The timing of the agreement is doubly propitious.

The celebration of Nowruz or the Persian New Year takes place for 13 days following the vernal equinox, which this year was on March 21 in Iran. It is a celebration of “out with the old and in with the new”. Evil spirits are exiled from the home, new clothes are worn, and Persian families visit each other at each others’ homes throughout the period of celebration.

In the West, Easter is celebrated as a time of hope and redemption.

Both are celebrations of life and hope for the future, as Spring in the northern hemispere begins.

For Iranian reactions to the agreement, see

(1) “Iran-P5+1 agreement seeks removal of sanctions, not suspension: Rouhani, Press TV (Tehran), April 5, 2015 (1:3PM).

(2) “Iran top general hails nuclear success in talks with P5+1,” Press TV, April 5, 2015 (3:27PM).

“A senior Iranian military official has heaped praise on the country’s negotiating team for emerging successful in talks with the P5+1 group in Switzerland, expressing hope that a final agreement would be reached soon.

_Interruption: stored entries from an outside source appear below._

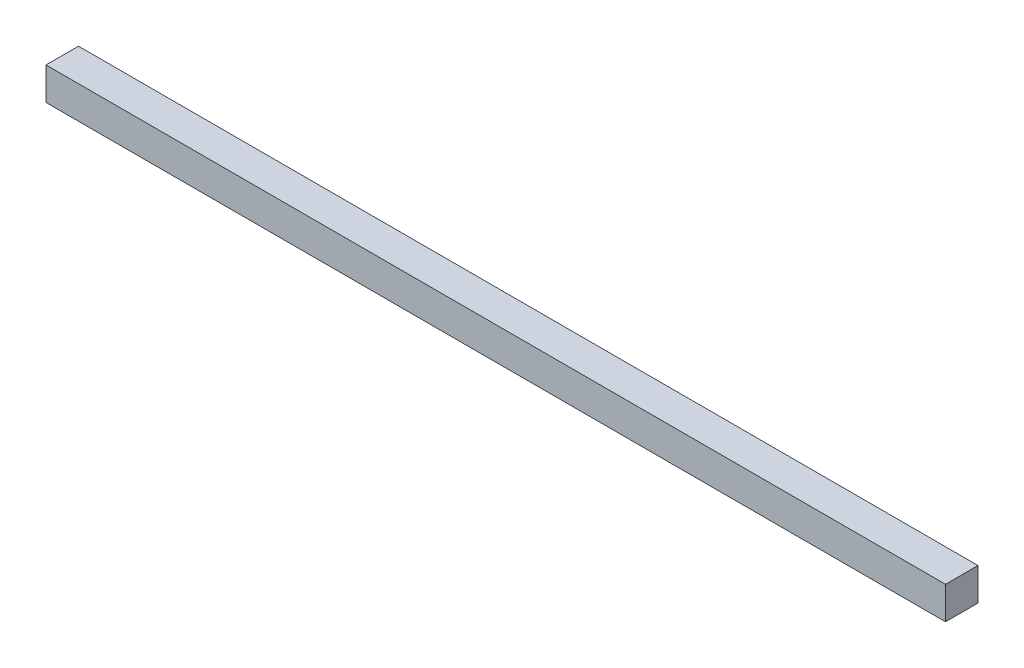
SolidWorks part; units mm, degrees
material "Сосна"
ref_plane "Спереди" through (0, 0, 0) normal (0, 0, 1) x (1, 0, 0)
ref_plane "Сверху" through (0, 0, 0) normal (0, 1, 0) x (1, 0, 0)
ref_plane "Справа" through (0, 0, 0) normal (1, 0, 0) x (0, 0, -1)
sketch "Эскиз1" plane through (0, 0, 0) normal (0, 1, 0) x (1, 0, 0)
  line L1 (0, 15) -> (415, 15)
  line L2 (0, 15) -> (0, 0)
  line L3 (0, 0) -> (415, 0)
  line L4 (415, 15) -> (415, 0)
  dimension "D1" = 15
  dimension "D2" = 415
extrude "Бобышка-Вытянуть1" add sketch "Эскиз1" along normal blind 15
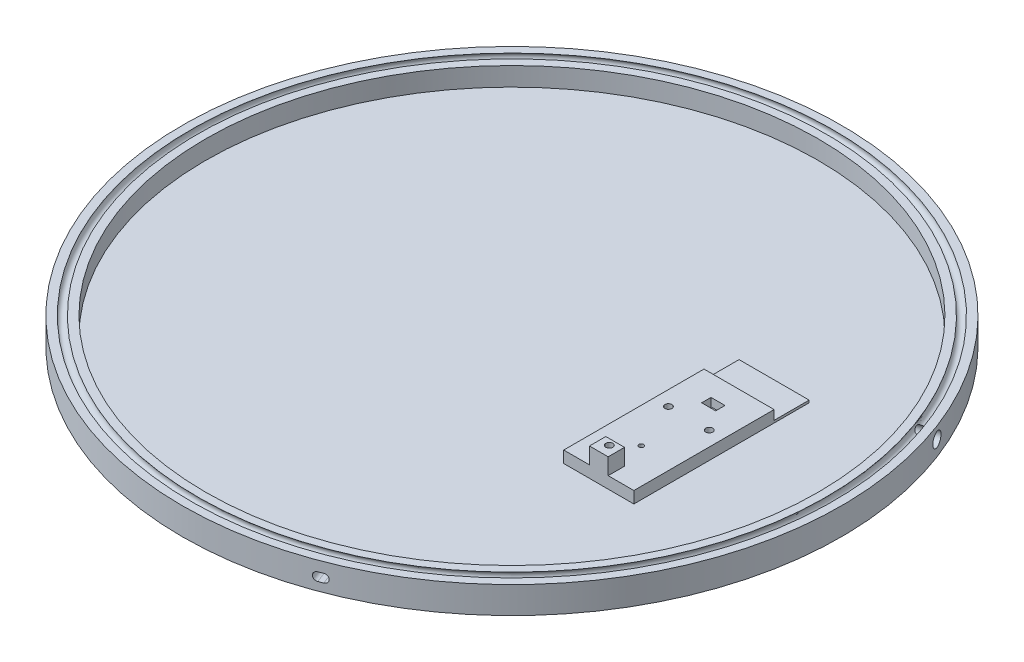
SolidWorks part; units mm, degrees
ref_plane "Front Plane" through (0, 0, 0) normal (0, 0, 1) x (1, 0, 0)
ref_plane "Top Plane" through (0, 0, 0) normal (0, 1, 0) x (1, 0, 0)
ref_plane "Right Plane" through (0, 0, 0) normal (1, 0, 0) x (0, 0, -1)
sketch "Sketch1" plane through (0, 0, 0) normal (0, 1, 0) x (1, 0, 0)
  circle A0 centre (0, 0) radius 141
  dimension "D1" = 282
extrude "Boss-Extrude1" add sketch "Sketch1" along normal blind 3.5
sketch "Sketch2" plane through (0, 3.5, 0) normal (0, 1, 0) x (1, 0, 0)
  circle A0 centre (0, 0) radius 131
  circle A1 centre (0, 0) radius 141
  dimension "D1" = 262
extrude "Boss-Extrude2" add sketch "Sketch2" along normal blind 8
sketch "Sketch3" plane through (0, 11.5, 0) normal (0, 1, 0) x (1, 0, 0)
  circle A0 centre (0, 0) radius 136
  dimension "D1" = 272
sketch "Sketch4" plane through (0, 3.5, 0) normal (0, 1, 0) x (1, 0, 0)
  line L0 (0, 0) -> (46.4876, -122.4741)
  circle A0 centre (0, 0) radius 131 construction
  point P5 (47.745, -121.9894)
  point P6 (46.4876, -122.4741)
ref_plane "Plane1" through (0, 0, 0) normal (-0.9349, 0, 0.3549) x (0.3549, 0, 0.9349)
sketch "Sketch5" plane through (0, 0, 0) normal (-0.9349, 0, 0.3549) x (0.3549, 0, 0.9349)
  line L6 (136, 11.5) -> (-136, 11.5) construction
  circle A0 centre (136, 10.2) radius 2
  dimension "D1" = 4
  dimension "D2" = 1.3
  dimension "D3" = 136
sweep "Cut-Sweep1" cut profiles "Sketch5" path "Sketch3"
ref_plane "Plane3" through (46.4876, 0, 122.4741) normal (-0.3549, 0, -0.9349) x (-0.9349, 0, 0.3549)
sketch "Sketch6" plane through (46.4876, 0, 122.4741) normal (-0.3549, 0, -0.9349) x (-0.9349, 0, 0.3549)
  line L1 (1, 5.3991) -> (-1, 5.3991) construction
  line L2 (1, 3.5991) -> (-1, 3.5991)
  line L3 (1, 7.1991) -> (-1, 7.1991)
  arc A1 (1, 3.5991) -> (1, 7.1991) centre (1, 5.3991) ccw
  arc A2 (-1, 7.1991) -> (-1, 3.5991) centre (-1, 5.3991) ccw
  point P6 (0, 5.3991)
  dimension "D1" = 2
  dimension "D2" = 1.8
extrude "Cut-Extrude3" cut sketch "Sketch6" against normal blind 15 and the other way blind 5 contours L3 A2 L2 A1
sketch "Sketch7" plane through (0, 3.5, 0) normal (0, 1, 0) x (1, 0, 0)
  line L1 (87.9173, -35.7518) -> (57.9173, -35.7518)
  line L2 (87.9173, -35.7518) -> (87.9173, 39.2482)
  line L3 (87.9173, 39.2482) -> (57.9173, 39.2482)
  line L4 (57.9173, -35.7518) -> (57.9173, 39.2482)
  circle A0 centre (72.9173, -17.5518) radius 1
  point P4 (3.8588, 74.9007)
  point P5 (74.6364, 7.376)
  point P6 (74.6627, 7.1053)
  point P7 (0, 0)
  point P8 (0, 0)
  point P9 (26.3172, -70.2311)
  point P10 (0, 0)
  point P11 (72.9173, -17.5518)
  dimension "D3" = 18.2
  dimension "D4" = 15
  dimension "D5" = 2
  dimension "D1" = 75
  dimension "D2" = 30
  dimension "D6" = 75
extrude "Boss-Extrude3" add sketch "Sketch7" along normal blind 5
sketch "Sketch8" plane through (0, 8.5, 0) normal (0, 1, 0) x (1, 0, 0)
  line L0 (57.9173, -35.7518) -> (87.9173, -35.7518) construction
  line L1 (68.9173, -35.7518) -> (76.9173, -35.7518)
  line L2 (68.9173, -35.7518) -> (68.9173, -28.7518)
  line L3 (68.9173, -28.7518) -> (76.9173, -28.7518)
  line L4 (76.9173, -35.7518) -> (76.9173, -28.7518)
  line L5 (57.9173, 39.2482) -> (57.9173, -35.7518) construction
  line L6 (87.9173, -35.7518) -> (87.9173, 39.2482) construction
  dimension "D1" = 11
  dimension "D2" = 8
  dimension "D3" = 11
  dimension "D4" = 7
extrude "Boss-Extrude4" add sketch "Sketch8" along normal blind 7
sketch "Sketch9" plane through (0, 8.5, 0) normal (0, 1, 0) x (1, 0, 0)
  line L0 (76.9173, -28.7518) -> (68.9173, -28.7518) construction
  line L1 (69.9173, 11.2482) -> (75.9173, 11.2482)
  line L2 (69.9173, 11.2482) -> (69.9173, 15.2482)
  line L3 (69.9173, 15.2482) -> (75.9173, 15.2482)
  line L4 (75.9173, 11.2482) -> (75.9173, 15.2482)
  line L5 (57.9173, 39.2482) -> (57.9173, -35.7518) construction
  line L6 (87.9173, -35.7518) -> (87.9173, 39.2482) construction
  dimension "D1" = 40
  dimension "D2" = 4
  dimension "D3" = 6
  dimension "D4" = 12
  dimension "D5" = 12
extrude "Cut-Extrude6" cut sketch "Sketch9" against normal blind 3.5
sketch "Sketch10" plane through (0, 8.5, 0) normal (0, 1, 0) x (1, 0, 0)
  line L0 (87.9173, 39.2482) -> (57.9173, 39.2482) construction
  line L1 (57.9173, 39.2482) -> (87.9173, 39.2482)
  line L2 (57.9173, 39.2482) -> (57.9173, 24.2482)
  line L3 (57.9173, 24.2482) -> (87.9173, 24.2482)
  line L4 (87.9173, 39.2482) -> (87.9173, 24.2482)
  line L5 (57.9173, 39.2482) -> (57.9173, -35.7518) construction
  line L6 (87.9173, -35.7518) -> (87.9173, 39.2482) construction
  point P10 (53.689, -15.3074)
  point P11 (0, 0)
  point P12 (53.689, -18.5308)
  point P13 (59.6627, 48.4225)
  dimension "D1" = 15
hole_wizard "Ø3.0mm Dowel Hole2" positions "Sketch11" profile "Sketch12" hole size "Ø3.0" standard "GB"
sketch "Sketch11" plane through (0, 15.5, 0) normal (0, 1, 0) x (1, 0, 0)
  line L0 (68.9173, -28.7518) -> (68.9173, -35.7518) construction
  line L1 (76.9173, -35.7518) -> (76.9173, -28.7518) construction
  line L2 (76.9173, -28.7518) -> (68.9173, -28.7518) construction
  point P0 (72.9173, -31.2518)
  dimension "D1" = 4
  dimension "D2" = 4
  dimension "D3" = 2.5
sketch "Sketch12" plane through (72.9173, 15.5, 31.2518) normal (1, 0, 0) x (0, 0, 1)
  line L0 (0, 0) -> (0, 10.9013)
  line L1 (0, 10.9013) -> (1.5, 10)
  line L2 (1.5, 10) -> (1.5, 0)
  line L5 (1.5, 0) -> (0, 0)
  line L10 (0, 10.9013) -> (-1.5, 10) construction
  line L11 (0, -6.35) -> (0, 107.95) construction
  dimension "Hole Dia." = 3
  dimension "Hole Depth" = 10
  dimension "Drill Angle" = 118
hole_wizard "Ø3.0mm Dowel Hole3" positions "3DSketch1" profile "Sketch13" hole size "Ø3.0" standard "GB"
sketch3d "3DSketch1"
  line L0 (76.9173, 8.5, 28.7518) -> (68.9173, 8.5, 28.7518) construction
  line L1 (57.9173, 8.5, -39.2482) -> (57.9173, 8.5, 35.7518) construction
  line L2 (87.9173, 8.5, 35.7518) -> (87.9173, 8.5, -39.2482) construction
  point P0 (64.1673, 8.5, -2.7482)
  point P2 (81.6673, 8.5, -2.7482)
  dimension "D1" = 31.5
  dimension "D2" = 31.5
  dimension "D3" = 17.5
  dimension "D4" = 6.25
  dimension "D5" = 6.25
sketch "Sketch13" plane through (64.1673, 8.5, -2.7482) normal (1, 0, 0) x (0, 0, 1)
  line L0 (0, 0) -> (0, 5.9013)
  line L1 (0, 5.9013) -> (1.5, 5)
  line L2 (1.5, 5) -> (1.5, 0)
  line L5 (1.5, 0) -> (0, 0)
  line L10 (0, 5.9013) -> (-1.5, 5) construction
  line L11 (0, -6.35) -> (0, 107.95) construction
  dimension "Hole Dia." = 3
  dimension "Hole Depth" = 5
  dimension "Drill Angle" = 118
extrude "Cut-Extrude7" cut sketch "Sketch10" against normal blind 4
ref_plane "Plane4" through (131.8233, 0, -50.0362) normal (0.9349, 0, -0.3549) x (-0.3549, 0, -0.9349)
sketch "Sketch15" plane through (131.8233, 0, -50.0362) normal (0.9349, 0, -0.3549) x (-0.3549, 0, -0.9349)
  line L2 (131, 3.5) -> (-131, 3.5) construction
  circle A0 centre (0, 6.5) radius 3
  point P6 (1.9339, 4.0342)
  dimension "D2" = 6
  dimension "D1" = 3
extrude "Cut-Extrude9" cut sketch "Sketch15" against normal blind 15
ref_axis "Axis1" through (72.9173, 4.5987, 31.2518) along (-0.919, -0.0138, -0.3939)
equation "\"GeneralThickness\"= 3"
equation "\"D2\" = \"GeneralThickness\""
equation "\"BearBallRadio\"= 136"
equation "\"D1@Sketch1\"=\"BearBallRadio\"*2+10"
equation "\"D1@Sketch2\"=\"BearBallRadio\"*2-10"
equation "\"D1@Sketch3\"=\"BearBallRadio\"*2"
equation "\"BallDia\"=4"
equation "\"D1@Sketch5\"=\"BallDia\""
equation "\"D3@Sketch5\"=\"BearBallRadio\""
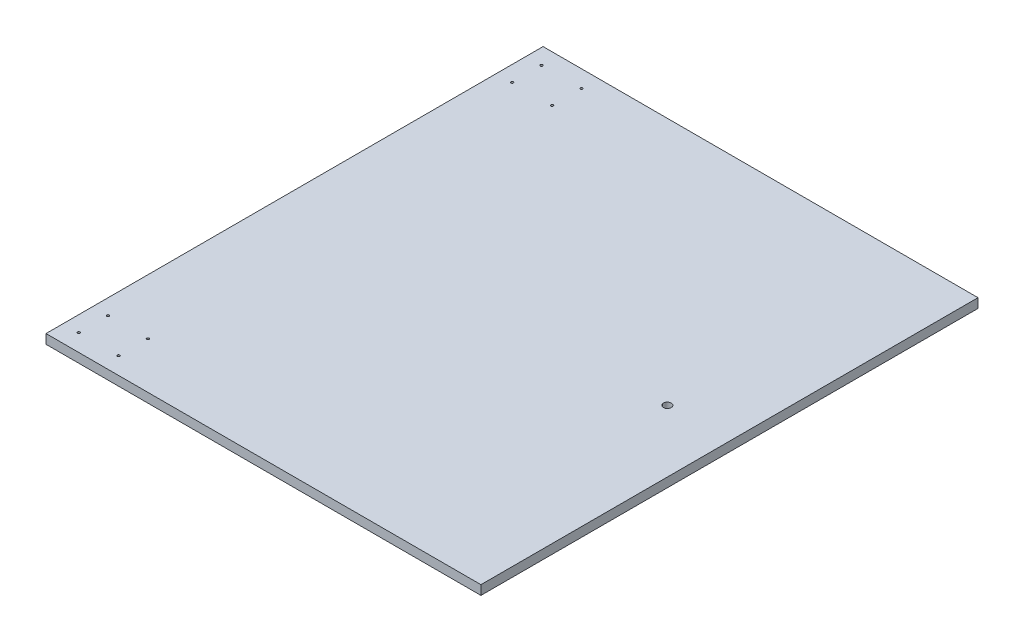
SolidWorks part; units mm, degrees
material "Cedar"
ref_plane "Front" through (0, 0, 0) normal (0, 0, 1) x (1, 0, 0)
ref_plane "Top" through (0, 0, 0) normal (0, 1, 0) x (1, 0, 0)
ref_plane "Right" through (0, 0, 0) normal (1, 0, 0) x (0, 0, -1)
sketch "Sketch1" plane through (0, 0, 0) normal (0, 1, 0) x (1, 0, 0)
  line L1 (-266.7, -304.8) -> (266.7, -304.8)
  line L2 (-266.7, -304.8) -> (-266.7, 304.8)
  line L3 (-266.7, 304.8) -> (266.7, 304.8)
  line L4 (266.7, -304.8) -> (266.7, 304.8)
  line L5 (-266.7, -304.8) -> (266.7, 304.8) construction
  line L6 (-266.7, 304.8) -> (266.7, -304.8) construction
  point P0 (0, 0)
  dimension "D1" = 609.6
  dimension "D2" = 533.4
extrude "Boss-Extrude1" add sketch "Sketch1" along normal blind 11.4554 contours L1 L4 L3 L2
sketch "Sketch3" plane through (0, 11.4554, 0) normal (0, 1, 0) x (1, 0, 0)
  line L0 (266.7, -304.8) -> (266.7, 304.8) construction
  line L1 (-247.65, 283.8) -> (-247.65, 247.8) construction
  line L2 (-247.65, 247.8) -> (-198.65, 247.8) construction
  line L3 (-198.65, 247.8) -> (-198.65, 283.8) construction
  line L4 (-198.65, 283.8) -> (-247.65, 283.8) construction
  line L5 (-266.7, 304.8) -> (266.7, 304.8) construction
  line L6 (-266.7, -304.8) -> (-266.7, 304.8) construction
  line L7 (130.8452, 0) -> (-366.2568, 0) construction
  circle A0 centre (190.5, 0) radius 4.826
  circle A1 centre (-198.65, 283.8) radius 1.5
  circle A2 centre (-247.65, 283.8) radius 1.5
  circle A3 centre (-247.65, 247.8) radius 1.5
  circle A4 centre (-198.65, 247.8) radius 1.5
  circle A5 centre (-198.65, -247.8) radius 1.5
  circle A6 centre (-247.65, -247.8) radius 1.5
  circle A7 centre (-247.65, -283.8) radius 1.5
  circle A8 centre (-198.65, -283.8) radius 1.5
  dimension "D1" = 9.652
  dimension "D2" = 76.2
  dimension "D3" = 3
  dimension "D4" = 36
  dimension "D5" = 49
  dimension "D6" = 21
  dimension "D7" = 19.05
extrude "Cut-Extrude1" cut sketch "Sketch3" against normal through all

“In a message to Leader of the Islamic Revolution Ayatollah Seyyed Ali Khamenei on Sunday, Iranian Armed Forces’ Chief of Staff Major General Hassan Firouzabadi said the 1979 Islamic Revolution’s progressive movement is continuing “strongly and successfully” thanks to the Leader’s guidelines.

“He congratulated Ayatollah Khamenei and the Iranian nation on the breakthrough and praised efforts by President Hassan Rouhani and Iran’s nuclear negotiating team led by Foreign Minister Mohammad Javad Zarif.”

(3) “Iran, P5+1 joint statement calling for removal of all anti-Iran sanctions,” Press TV, April 2, 2015 (5:38PM).

For details of the agreement and how it is being portrayed at home by both sides, see

Michael R. Gordon, “Outline of Iran Nuclear Deal Sounds Different From Each Side,” New York Times, April 4, 2015.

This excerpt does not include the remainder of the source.